The pole shaft 12 and yoke assembly 200 coupled thereto are movable among a first position (FIGS. 2 and 4) corresponding to the separable contacts 6,8 (FIG. 4) being closed, and a second position (FIGS. 5-8) corresponding to the separable contacts 6,8 being open. As best shown in the exploded view of FIG. 1, the example yoke assembly 200 includes a first end 202, which is coupled to the pole shaft 12 and, indirectly by way of the toggle assembly 20 (FIGS. 4-8) to the separable contacts 6,8 (FIGS. 4-8), and a second end 204 disposed opposite and distal from the first end 202. A first side 206 extends from the first end 202 toward the second end 204, and a second side 208 is disposed opposite the first side 206. A protrusion 210 protrudes from the first side 206, and includes a first edge 212 and a second edge 214. The yoke assembly 200 shown and described herein further includes a spring seat 220 disposed at or about the second end 204. It will, however, be appreciated that the yoke assembly 200 and individual components (e.g., without limitation, sides 206,208; spring seat 220) could comprise any known or suitable alternative configuration (not shown), without departing from the scope of the disclosed concept.
Continuing to refer to FIGS. 1 and 2, and also to FIGS. 3A and 3B, it will be appreciated that the example pole shaft catch assembly 100 includes a catch arm 102. The catch arm 102 is structured to cooperate with the yoke assembly 200, as will be described in greater detail herein.
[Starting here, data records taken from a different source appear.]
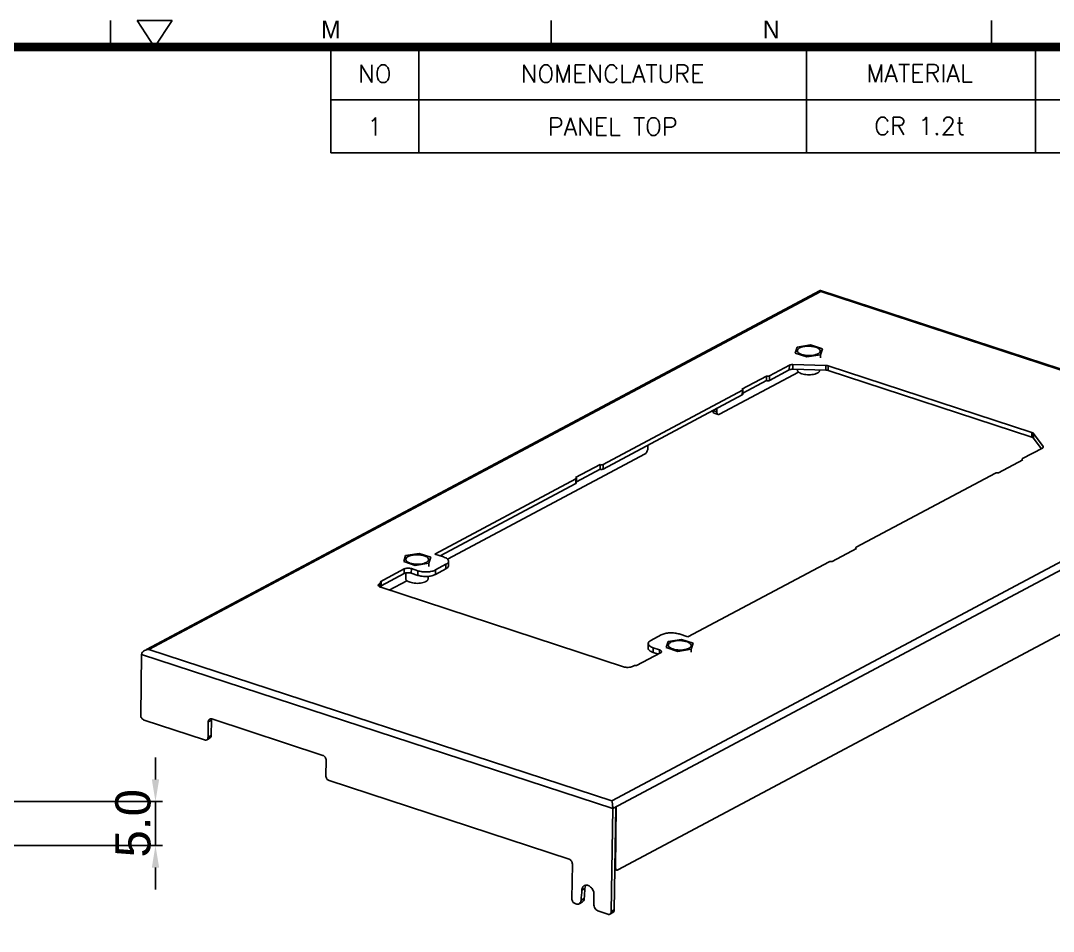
# Model space of a CAD drawing. Extents: x -425 to 6552, y -3049 to 3105.
# Drawn here: x 1194.5 to 1311.7, y -2115.9 to -2012.5 of the extents above; entities that cross this region are included whole.
import ezdxf
from ezdxf.enums import TextEntityAlignment as Align

# ---------------------------------------------------------------- set-up
doc = ezdxf.new("R2010")
doc.units = 0
doc.header["$PDMODE"] = 3
doc.header["$PDSIZE"] = 1.5
doc.layers.get('0').update_dxf_attribs({"linetype": 'CONTINUOUS'})
doc.layers.get('DEFPOINTS').update_dxf_attribs({"linetype": 'CONTINUOUS'})
for name, color, linetype in [('DIM', 1, 'CONTINUOUS'), ('PANEL_TOP250DXF_CONTINUOUS', 7, 'CONTINUOUS'), ('STAND-OFF-M3DXF_CONTINUOUS', 7, 'CONTINUOUS')]:
    doc.layers.add(name, color=color, linetype=linetype)
doc.styles.add('OMI-1', font='arial.ttf', dxfattribs={"oblique": 1})
doc.styles.add('SIM', font='simplex')
doc.styles.get("Standard").update_dxf_attribs({"font": 'gulim.ttc', "width": 0.8, "height": 2})
doc.dimstyles.new('1', dxfattribs={"dimtxt": 4, "dimasz": 2.5, "dimexe": 0.8, "dimexo": 0.3, "dimgap": 0.5, "dimtad": 1, "dimtoh": 1, "dimdec": 1, "dimzin": 0, "dimtxsty": 'OMI-1', "dimcen": 0, "dimclrd": 256, "dimclre": 256, "dimclrt": 256, "dimazin": 3, "dimtfac": 0.8, "dimtdec": 1, "dimtix": 1, "dimtmove": 0, "dimatfit": 3, "dimtolj": 1, "dimtzin": 0})

# ---------------------------------------------------------------- blocks, each defined once
blk = doc.blocks.new('*D9529')
at = {"layer": 'DEFPOINTS', "color": 0}
for p in [(1182.21, -2101.19), (1176.96, -2106.19), (1209.81, -2106.19)]:
    blk.add_point(p, dxfattribs=at)
at = {"layer": 'DIM'}
for p, q in [((1209.81, -2098.69), (1209.81, -2096.19)), ((1182.51, -2101.19), (1210.61, -2101.19)), ((1209.81, -2101.19), (1209.81, -2106.19)), ((1177.26, -2106.19), (1210.61, -2106.19)), ((1209.81, -2108.69), (1209.81, -2111.19))]:
    blk.add_line(p, q, dxfattribs=at)
for points in [[(1209.4, -2098.69), (1210.23, -2098.69), (1209.81, -2101.19)], [(1210.23, -2108.69), (1209.4, -2108.69), (1209.81, -2106.19)]]:
    blk.add_solid(points, dxfattribs=at)
at = {"layer": 'DIM', "insert": (1207.27, -2103.69), "char_height": 4, "attachment_point": 5, "rotation": 90, "style": 'OMI-1'}
blk.add_mtext('\\A1;5.0', dxfattribs=at)

msp = doc.modelspace()

# ---------------------------------------------------------------- linework, layer by layer
for p, q in [((1204.72, -2015.53), (1204.72, -2012.53)), ((1209.72, -2015.53), (1207.72, -2012.53)), ((1211.72, -2012.53), (1207.72, -2012.53)), ((1211.72, -2012.53), (1209.72, -2015.53)), ((1254.72, -2015.53), (1254.72, -2012.53)), ((1304.72, -2015.53), (1304.72, -2012.53)), ((1229.72, -2027.53), (1229.72, -2015.53)), ((1239.72, -2015.53), (1239.72, -2027.53)), ((1283.72, -2015.53), (1283.72, -2027.53)), ((1309.72, -2027.53), (1309.72, -2015.53)), ((1229.72, -2021.53), (1404.72, -2021.53)), ((1229.72, -2027.53), (1404.72, -2027.53))]:
    msp.add_line(p, q)
at = {"color": 4, "linetype": 'CONTINUOUS'}
for p, q in [((1282.66, -2049.59), (1282.45, -2050.27)), ((1282.45, -2050.27), (1283.77, -2050.71)), ((1284.19, -2049.34), (1282.66, -2049.59)), ((1283.77, -2050.71), (1285.31, -2050.46)), ((1285.52, -2049.78), (1284.19, -2049.34)), ((1285.3, -2050.81), (1285.31, -2050.46)), ((1285.31, -2050.46), (1285.52, -2049.78)), ((1238.2, -2073.27), (1237.99, -2073.95)), ((1239.73, -2073.02), (1238.2, -2073.27)), ((1241.06, -2073.46), (1239.73, -2073.02)), ((1240.85, -2074.14), (1241.06, -2073.46)), ((1237.99, -2073.95), (1239.31, -2074.39)), ((1239.31, -2074.39), (1240.85, -2074.14)), ((1240.84, -2074.49), (1240.85, -2074.14)), ((1238.23, -2075.25), (1238.22, -2075.87)), ((1240.77, -2075.63), (1240.76, -2075.91)), ((1268, -2083.02), (1267.79, -2083.7)), ((1269.53, -2082.78), (1268, -2083.02)), ((1270.85, -2083.21), (1269.53, -2082.78)), ((1270.64, -2083.89), (1270.85, -2083.21)), ((1267.79, -2083.7), (1269.11, -2084.14)), ((1269.11, -2084.14), (1270.64, -2083.89)), ((1270.64, -2084.24), (1270.64, -2083.89))]:
    msp.add_line(p, q, dxfattribs=at)
at = {"const_width": 1}
msp.add_lwpolyline([(1404.72, -2015.53), (604.72, -2015.53), (604.72, -2565.53), (1404.72, -2565.53)], close=True, dxfattribs=at)
at = {"color": 4, "linetype": 'CONTINUOUS'}
for centre in [(1283.95, -2052.5), (1239.49, -2076.18), (1269.29, -2085.93)]:
    msp.add_arc(centre, 3.02, 83.7413, 86.3062, dxfattribs=at)
for points, knots in [([(1282.69, -2050.01), (1282.69, -2049.92), (1282.78, -2049.79), (1282.95, -2049.68), (1283.22, -2049.57), (1283.62, -2049.49), (1283.97, -2049.48), (1284.15, -2049.49)], [0, 0, 0, 0, 0.150547, 0.253128, 0.37599, 0.671134, 1, 1, 1, 1]), ([(1282.79, -2050.22), (1282.77, -2050.2), (1282.72, -2050.14), (1282.69, -2050.06), (1282.69, -2050.01)], [0, 0, 0, 0, 0.284889, 1, 1, 1, 1]), ([(1283, -2050.36), (1282.98, -2050.35), (1282.9, -2050.31), (1282.83, -2050.26), (1282.79, -2050.22)], [0, 0, 0, 0, 0.277589, 1, 1, 1, 1]), ([(1283.2, -2050.44), (1283.18, -2050.44), (1283.11, -2050.41), (1283.05, -2050.39), (1283, -2050.36)], [0, 0, 0, 0, 0.262546, 1, 1, 1, 1]), ([(1284.72, -2050.47), (1284.47, -2050.54), (1283.96, -2050.59), (1283.44, -2050.52), (1283.2, -2050.44)], [0, 0, 0, 0, 0.5021, 1, 1, 1, 1]), ([(1284.28, -2049.51), (1284.32, -2049.51), (1284.49, -2049.53), (1284.65, -2049.57), (1284.77, -2049.61)], [0, 0, 0, 0, 0.263765, 1, 1, 1, 1]), ([(1284.93, -2050.4), (1284.91, -2050.41), (1284.84, -2050.44), (1284.77, -2050.46), (1284.72, -2050.47)], [0, 0, 0, 0, 0.237347, 1, 1, 1, 1]), ([(1284.77, -2049.61), (1284.84, -2049.63), (1284.97, -2049.68), (1285.14, -2049.79), (1285.25, -2049.91), (1285.28, -2050), (1285.28, -2050.04)], [0, 0, 0, 0, 0.32828, 0.60169, 0.819763, 1, 1, 1, 1]), ([(1285.09, -2050.32), (1285.08, -2050.33), (1285.03, -2050.36), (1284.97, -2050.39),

Specifically, the catch arm 102 is movable between an engaged position, shown for example in FIGS. 7 and 8, in which the catch arm 102 engages the yoke assembly 200 to restrict movement of the yoke assembly 200 and pole shaft 12 coupled thereto, and a disengaged position, shown in FIGS. 2, 3A, 3B and 4-6, in which the catch arm 102 disengages the yoke assembly 200, thereby permitting movement of the yoke assembly 200 and pole shaft 12. A biasing element, which in the example shown and described herein is a torsion spring 140, biases the catch arm 102 toward the disengaged position (FIGS. 2-6). A trigger 180 cooperates with the catch arm 102 and yoke assembly 200 to effectuate the desire movement during operation of the catch arm 102. In other words, the trigger 180 is structured to translate movement of the yoke assembly 200 into movement of the catch arm 102, as we described in greater detail herein with respect to FIGS. 4-8.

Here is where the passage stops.